■ What is required
Only one stretch of the data below is wanted: the lines from the one with "world_world = bpy.data.worlds.new('World');" through the one with "me_circle_001 = bpy.data.meshes.new('Circle.001')", repeated exactly.

■ Stored records
::::::
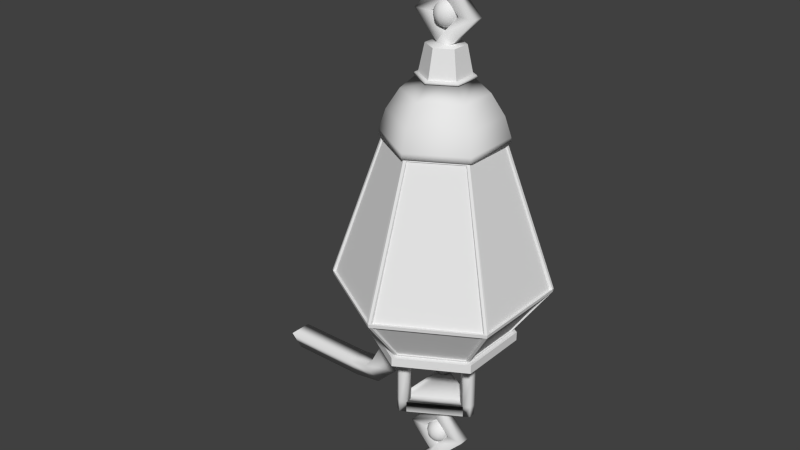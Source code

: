 # Source: WallLantern_01.blend  (saved by Blender 2.76.0; exported with 4.5.12 LTS)
import bpy
from mathutils import Matrix  # noqa: F401  (used for matrix-valued properties, if any)

bpy.ops.wm.read_factory_settings(use_empty=True)
scene = bpy.context.scene
scene.name = 'Scene'

# ---- collections
col_collection_5 = bpy.data.collections.new('Collection 5'); scene.collection.children.link(col_collection_5)

# ---- materials (node trees are filled in below, after node groups)
mat_mat_obj_lantern_new_01_001 = bpy.data.materials.new('Mat_Obj_Lantern_New_01.001')
mat_mat_obj_lantern_new_01_001.alpha_threshold = 0.0
mat_mat_obj_lantern_new_01_001.use_transparent_shadow = False
mat_mat_obj_lantern_new_01_001.roughness = 0.5
mat_mat_obj_fireflyhoder_01 = bpy.data.materials.new('Mat_Obj_FireflyHoder_01')
mat_mat_obj_fireflyhoder_01.alpha_threshold = 0.0
mat_mat_obj_fireflyhoder_01.use_transparent_shadow = False
mat_mat_obj_fireflyhoder_01.roughness = 0.5

# ---- material node trees

# ---- world
world_world = bpy.data.worlds.new('World'); scene.world = world_world
world_world.color = (0.05088, 0.05088, 0.05088)
world_world.use_sun_shadow = False
world_world.sun_shadow_jitter_overblur = 0.0
world_world.cycles.sampling_method = 'MANUAL'
world_world.cycles.sample_map_resolution = 256

# ---- meshes
me_circle_001 = bpy.data.meshes.new('Circle.001')
me_circle_001.from_pydata([(0.0, 0.3, 0.03663), (-0.2598, 0.15, 0.03663), (-0.2598, -0.15, 0.03663), (2.623e-08, -0.3, 0.03663), (0.2598, -0.15, 0.03663), (0.2598, 0.15, 0.03663), (0.01068, 0.2727, 0.04655), (-0.2406, 0.1284, 0.04506), (-0.2406, -0.1284, 0.04506), (-0.009069, -0.2725, 0.04506), (0.2315, -0.1441, 0.04506), (0.2406, 0.1284, 0.04506), (0.01033, 0.2222, 0.8193), (-0.1971, 0.1037, 0.821), (-0.1971, -0.1037, 0.821), (-0.00877, -0.2225, 0.821), (0.1883, -0.1189, 0.821), (0.1971, 0.1037, 0.821), (-2.758e-09, 0.2417, 0.8306), (-0.2093, 0.1208, 0.8306), (-0.2093, -0.1208, 0.8306), (1.837e-08, -0.2417, 0.8306), (0.2093, -0.1208, 0.8306), (0.2093, 0.1208, 0.8306), (-2.758e-09, 0.2417, 0.8533), (-0.2093, 0.1208, 0.8533), (-0.2093, -0.1208, 0.8533), (1.837e-08, -0.2417, 0.8533), (0.2093, -0.1208, 0.8533), (0.2093, 0.1208, 0.8533), (-2.992e-09, 0.2162, 0.9331), (-0.1872, 0.1081, 0.9331), (-0.1872, -0.1081, 0.9331), (1.591e-08, -0.2162, 0.9331), (0.1872, -0.1081, 0.9331), (0.1872, 0.1081, 0.9331), (-3.469e-09, 0.164, 1.016), (-0.142, 0.08199, 1.016), (-0.142, -0.08199, 1.016), (1.087e-08, -0.164, 1.016), (0.142, -0.08199, 1.016), (0.142, 0.08199, 1.016), (-0.09492, -0.0548, 1.08), (-0.09982, -0.05763, 1.071), (-2.729e-09, 0.1153, 1.071), (-2.771e-09, 0.1096, 1.08), (-0.09492, 0.0548, 1.08), (-0.09982, 0.05763, 1.071), (-0.2315, -0.1441, 0.04506), (-0.2315, 0.1441, 0.04506), (-0.1883, -0.1189, 0.821), (-0.1883, 0.1189, 0.821), (0.009069, -0.2725, 0.04506), (-0.2352, -0.1358, 0.03663), (0.00877, -0.2225, 0.821), (-0.1943, -0.1122, 0.8306), (0.2406, -0.1284, 0.04506), (2.374e-08, -0.2716, 0.03663), (0.1971, -0.1037, 0.821), (1.67e-08, -0.2244, 0.8306), (0.2308, 0.1456, 0.04655), (0.2352, -0.1358, 0.03663), (0.1873, 0.1201, 0.8193), (0.1943, -0.1122, 0.8306), (-0.009069, 0.2725, 0.04506), (0.2352, 0.1358, 0.03663), (-0.00877, 0.2225, 0.821), (0.1943, 0.1122, 0.8306), (-0.2352, 0.1358, 0.03663), (0.0, 0.2716, 0.03663), (-0.1943, 0.1122, 0.8306), (-2.916e-09, 0.2244, 0.8306), (0.01098, 0.4113, 0.2334), (0.01098, 0.4137, 0.2479), (-0.3636, 0.1991, 0.2478), (-0.3615, 0.198, 0.2333), (-0.3615, -0.198, 0.2333), (-0.3636, -0.1991, 0.2478), (-0.3542, -0.2153, 0.2478), (-0.3522, -0.2141, 0.2333), (-0.009321, -0.412, 0.2333), (-0.009323, -0.4144, 0.2478), (0.3522, -0.2141, 0.2333), (0.3542, -0.2153, 0.2478), (0.009323, -0.4144, 0.2478), (0.009321, -0.412, 0.2333), (0.3636, -0.1991, 0.2478), (0.3615, -0.198, 0.2333), (0.3615, 0.198, 0.2333), (0.3636, 0.1991, 0.2478), (0.3528, 0.2163, 0.2479), (0.3507, 0.2152, 0.2334), (-0.009323, 0.4144, 0.2478), (-0.009321, 0.412, 0.2333), (-0.3522, 0.2141, 0.2333), (-0.3542, 0.2153, 0.2478), (-0.2415, 0.1394, 0.03663), (-6.804e-07, 0.2789, 0.03663), (-0.2415, -0.1394, 0.03663), (-6.56e-07, -0.2789, 0.03663), (0.2415, -0.1394, 0.03663), (0.2415, 0.1394, 0.03663), (-0.1996, 0.1152, 0.8306), (-6.834e-07, 0.2305, 0.8306), (-0.1996, -0.1152, 0.8306), (-6.633e-07, -0.2305, 0.8306), (0.1996, -0.1152, 0.8306), (0.1996, 0.1152, 0.8306), (-0.247, -0.1319, 0.04506), (-0.247, 0.1319, 0.04506), (-0.2024, -0.1065, 0.821), (-0.2024, 0.1065, 0.821), (-0.009314, -0.2799, 0.04506), (-0.2377, -0.148, 0.04506), (-0.009007, -0.2285, 0.821), (-0.1934, -0.1221, 0.821), (0.2377, -0.148, 0.04506), (0.009312, -0.2799, 0.04506), (0.1934, -0.1221, 0.821), (0.009006, -0.2285, 0.821), (0.247, 0.1319, 0.04506), (0.247, -0.1319, 0.04506), (0.2024, 0.1065, 0.821), (0.2024, -0.1065, 0.821), (0.01097, 0.2801, 0.04655), (0.2371, 0.1495, 0.04655), (0.01061, 0.2282, 0.8193), (0.1923, 0.1233, 0.8193), (-0.2377, 0.148, 0.04506), (-0.009314, 0.2799, 0.04506), (-0.1934, 0.1221, 0.821), (-0.009007, 0.2285, 0.821), (-0.3617, 0.2199, 0.2333), (-0.3638, 0.2211, 0.2478), (-0.009574, 0.4256, 0.2478), (-0.009573, 0.4231, 0.2333), (-0.3712, -0.2033, 0.2333), (-0.3734, -0.2045, 0.2478), (-0.3734, 0.2045, 0.2478), (-0.3712, 0.2033, 0.2333), (-0.009573, -0.4231, 0.2333), (-0.009574, -0.4256, 0.2478), (-0.3638, -0.2211, 0.2478), (-0.3617, -0.2199, 0.2333), (0.3617, -0.2199, 0.2333), (0.3638, -0.2211, 0.2478), (0.009573, -0.4256, 0.2478), (0.009571, -0.4231, 0.2333), (0.3712, 0.2033, 0.2333), (0.3734, 0.2045, 0.2478), (0.3734, -0.2045, 0.2478), (0.3712, -0.2033, 0.2333), (0.01127, 0.4224, 0.2334), (0.01127, 0.4248, 0.2479), (0.3623, 0.2222, 0.2479), (0.3602, 0.221, 0.2334), (-0.3702, -0.2137, 0.2327), (-0.3723, -0.2149, 0.2473), (-0.3723, 0.2149, 0.2473), (-0.3702, 0.2137, 0.2327), (-6.485e-07, -0.4274, 0.2327), (-6.484e-07, -0.4299, 0.2473), (0.3702, -0.2137, 0.2327), (0.3723, -0.2149, 0.2473), (0.3702, 0.2137, 0.2327), (0.3723, 0.2149, 0.2473), (-6.859e-07, 0.4274, 0.2327), (-6.86e-07, 0.4299, 0.2473), (0.03087, 0.02648, 1.191), (0.03087, -0.01573, 1.19), (2.169e-09, -0.07528, 1.19), (-0.03121, -0.01573, 1.19), (-0.03121, 0.02648, 1.191), (-4.413e-09, 0.07528, 1.19), (-3.316e-09, 0.09833, 1.08), (-3.279e-09, 0.1034, 1.071), (-0.08956, 0.05171, 1.071), (-0.08516, 0.04916, 1.08), (-0.08956, -0.05171, 1.071), (-0.08516, -0.04916, 1.08), (5.762e-09, -0.1034, 1.071), (5.28e-09, -0.09833, 1.08), (0.08956, -0.05171, 1.071), (0.08516, -0.04916, 1.08), (0.08956, 0.05171, 1.071), (0.08516, 0.04916, 1.08), (7.347e-09, -0.1153, 1.071), (6.811e-09, -0.1096, 1.08), (0.09982, -0.05763, 1.071), (0.09492, -0.0548, 1.08), (0.09982, 0.05763, 1.071), (0.09492, 0.0548, 1.08), (-0.2054, 0.04944, -0.02906), (0.0, 0.3, 0.0), (2.623e-08, -0.3, 0.0), (-0.2054, -0.04943, -0.02906), (0.2598, 0.15, 0.0), (0.2598, -0.15, 0.0), (-0.1198, 3.401e-07, -0.07484), (-0.07725, -0.1041, -0.1416), (-0.1018, -0.1183, -0.1416), (-0.1018, -0.1466, -0.1416), (-0.07725, -0.1607, -0.1416), (-0.05274, -0.1466, -0.1416), (-0.05274, -0.1183, -0.1416), (-0.07725, -0.1041, -0.02759), (-0.1018, -0.1183, -0.02759), (-0.1018, -0.1466, -0.02759), (-0.07725, -0.1607, -0.02759), (-0.05274, -0.1466, -0.02759), (-0.05274, -0.1183, -0.02759), (0.1414, 0.02847, -0.1416), (0.1168, 0.01432, -0.1416), (0.1168, -0.01398, -0.1416), (0.1414, -0.02814, -0.1416), (0.1659, -0.01398, -0.1416), (0.1659, 0.01432, -0.1416), (0.1414, 0.02847, -0.02759), (0.1168, 0.01432, -0.02759), (0.1168, -0.01398, -0.02759), (0.1414, -0.02814, -0.02759), (0.1659, -0.01398, -0.02759), (0.1659, 0.01432, -0.02759), (-0.06859, 0.1478, -0.1416), (-0.0931, 0.1337, -0.1416), (-0.0931, 0.1054, -0.1416), (-0.06859, 0.0912, -0.1416), (-0.04408, 0.1054, -0.1416), (-0.04408, 0.1337, -0.1416), (-0.06859, 0.1478, -0.02759), (-0.0931, 0.1337, -0.02759), (-0.0931, 0.1054, -0.02759), (-0.06859, 0.0912, -0.02759), (-0.04408, 0.1054, -0.02759), (-0.04408, 0.1337, -0.02759), (-0.04408, 0.1337, -0.2768), (-0.04408, 0.1054, -0.2768), (-0.06859, 0.0912, -0.2768), (-0.0931, 0.1054, -0.2768), (-0.0931, 0.1337, -0.2768), (-0.06859, 0.1478, -0.2768), (0.1659, 0.01432, -0.2768), (0.1659, -0.01398, -0.2768), (0.1414, -0.02814, -0.2768), (0.1168, -0.01398, -0.2768), (0.1168, 0.01432, -0.2768), (0.1414, 0.02847, -0.2768), (-0.05274, -0.1183, -0.2768), (-0.05274, -0.1466, -0.2768), (-0.07725, -0.1607, -0.2768), (-0.1018, -0.1466, -0.2768), (-0.1018, -0.1183, -0.2768), (-0.07725, -0.1041, -0.2768), (-0.00017, 0.02648, 1.19), (-0.00017, -0.01573, 1.19), (-3.714e-05, 0.02648, 1.233), (-3.715e-05, -0.01573, 1.233), (-0.03121, 0.02648, 1.194), (0.03087, 0.02648, 1.194), (-0.03121, -0.01573, 1.194), (0.03087, -0.01573, 1.194), (0.06258, 0.02648, 1.298), (0.06258, -0.01573, 1.298), (0.1301, 0.02648, 1.298), (0.1301, -0.01573, 1.298), (-0.06205, 0.02648, 1.298), (-0.06205, -0.01573, 1.298), (-0.1295, 0.02648, 1.298), (-0.1295, -0.01573, 1.298), (0.0002661, 0.02648, 1.363), (0.000266, -0.01573, 1.363), (-0.03121, 0.02648, 1.401), (-0.03121, -0.01573, 1.401), (0.04537, 0.02648, 1.446), (0.04537, -0.01573, 1.446), (0.03184, 0.02648, 1.401), (0.03184, -0.01573, 1.401), (0.0769, 0.02648, 1.446), (0.0769, -0.01573, 1.446), (-0.04469, 0.02648, 1.446), (-0.04469, -0.01573, 1.446), (-0.07621, 0.02648, 1.446), (-0.07621, -0.01573, 1.446), (0.03211, -0.01573, 1.498), (0.03211, 0.02648, 1.498), (0.000575, 0.02648, 1.498), (0.000575, -0.01573, 1.498), (-0.03095, 0.02648, 1.498), (-0.03095, -0.01573, 1.498), (0.000575, 0.02648, 1.532), (0.000575, -0.01573, 1.532), (2.681e-08, -0.0141, 1.344), (2.326e-08, -0.02738, 1.337), (2.326e-08, -0.03792, 1.326), (2.503e-08, -0.04468, 1.313), (1.971e-08, -0.04702, 1.297), (2.503e-08, -0.04468, 1.282), (2.326e-08, -0.03792, 1.268), (2.681e-08, -0.02738, 1.257), (2.77e-08, -0.0141, 1.25), (0.00736, -0.01213, 1.25), (0.014, -0.02363, 1.257), (0.01927, -0.03276, 1.268), (0.02265, -0.03861, 1.282), (0.02382, -0.04063, 1.297), (0.02265, -0.03861, 1.313), (0.01927, -0.03276, 1.326), (0.014, -0.02363, 1.337), (0.00736, -0.01213, 1.344), (0.01275, -0.00674, 1.344), (0.02425, -0.01338, 1.337), (0.03338, -0.01865, 1.326), (0.03924, -0.02203, 1.313), (0.04125, -0.0232, 1.297), (0.03924, -0.02203, 1.282), (0.03338, -0.01865, 1.268), (0.02425, -0.01338, 1.257), (0.01275, -0.00674, 1.25), (0.01472, 0.0006203, 1.25), (0.028, 0.0006203, 1.257), (0.03854, 0.0006203, 1.268), (0.0453, 0.0006203, 1.282), (0.04764, 0.0006203, 1.297), (0.0453, 0.0006203, 1.313), (0.03854, 0.0006203, 1.326), (0.028, 0.0006203, 1.337), (0.01472, 0.0006203, 1.344), (0.01275, 0.007981, 1.344), (0.02425, 0.01462, 1.337), (0.03338, 0.01989, 1.326), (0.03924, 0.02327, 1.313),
::::::
■ Task solution
world_world = bpy.data.worlds.new('World'); scene.world = world_world
world_world.color = (0.05088, 0.05088, 0.05088)
world_world.use_sun_shadow = False
world_world.sun_shadow_jitter_overblur = 0.0
world_world.cycles.sampling_method = 'MANUAL'
world_world.cycles.sample_map_resolution = 256

# ---- meshes
me_circle_001 = bpy.data.meshes.new('Circle.001')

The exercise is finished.